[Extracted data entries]
⟨

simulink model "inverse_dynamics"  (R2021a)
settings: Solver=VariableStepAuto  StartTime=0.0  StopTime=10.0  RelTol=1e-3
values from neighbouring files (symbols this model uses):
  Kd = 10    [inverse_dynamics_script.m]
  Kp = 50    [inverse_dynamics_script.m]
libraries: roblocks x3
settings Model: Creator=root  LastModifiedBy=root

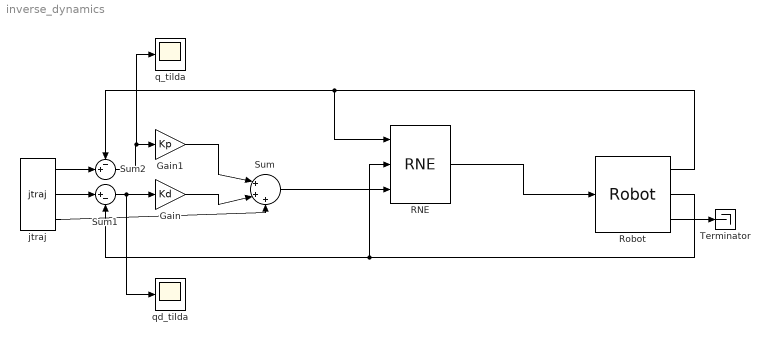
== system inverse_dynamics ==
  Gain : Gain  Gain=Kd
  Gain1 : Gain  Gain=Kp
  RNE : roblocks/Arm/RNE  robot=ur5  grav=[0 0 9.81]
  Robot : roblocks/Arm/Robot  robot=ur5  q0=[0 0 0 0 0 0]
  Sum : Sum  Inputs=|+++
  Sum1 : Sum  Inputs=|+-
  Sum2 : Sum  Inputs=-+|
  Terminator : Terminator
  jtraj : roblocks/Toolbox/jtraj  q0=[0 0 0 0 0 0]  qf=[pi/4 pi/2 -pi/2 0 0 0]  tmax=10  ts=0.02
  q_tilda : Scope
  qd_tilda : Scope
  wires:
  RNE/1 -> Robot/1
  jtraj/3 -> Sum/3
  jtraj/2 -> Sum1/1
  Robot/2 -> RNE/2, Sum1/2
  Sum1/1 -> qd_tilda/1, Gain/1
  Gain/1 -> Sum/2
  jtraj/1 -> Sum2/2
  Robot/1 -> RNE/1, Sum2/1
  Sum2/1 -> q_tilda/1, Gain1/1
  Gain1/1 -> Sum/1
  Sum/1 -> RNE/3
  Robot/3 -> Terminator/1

⟩

Task
Leaving out the pictures, return the records exactly as given.

Your response
simulink model "inverse_dynamics"  (R2021a)
settings: Solver=VariableStepAuto  StartTime=0.0  StopTime=10.0  RelTol=1e-3
values from neighbouring files (symbols this model uses):
  Kd = 10    [inverse_dynamics_script.m]
  Kp = 50    [inverse_dynamics_script.m]
libraries: roblocks x3
settings Model: Creator=root  LastModifiedBy=root

== system inverse_dynamics ==
  Gain : Gain  Gain=Kd
  Gain1 : Gain  Gain=Kp
  RNE : roblocks/Arm/RNE  robot=ur5  grav=[0 0 9.81]
  Robot : roblocks/Arm/Robot  robot=ur5  q0=[0 0 0 0 0 0]
  Sum : Sum  Inputs=|+++
  Sum1 : Sum  Inputs=|+-
  Sum2 : Sum  Inputs=-+|
  Terminator : Terminator
  jtraj : roblocks/Toolbox/jtraj  q0=[0 0 0 0 0 0]  qf=[pi/4 pi/2 -pi/2 0 0 0]  tmax=10  ts=0.02
  q_tilda : Scope
  qd_tilda : Scope
  wires:
  RNE/1 -> Robot/1
  jtraj/3 -> Sum/3
  jtraj/2 -> Sum1/1
  Robot/2 -> RNE/2, Sum1/2
  Sum1/1 -> qd_tilda/1, Gain/1
  Gain/1 -> Sum/2
  jtraj/1 -> Sum2/2
  Robot/1 -> RNE/1, Sum2/1
  Sum2/1 -> q_tilda/1, Gain1/1
  Gain1/1 -> Sum/1
  Sum/1 -> RNE/3
  Robot/3 -> Terminator/1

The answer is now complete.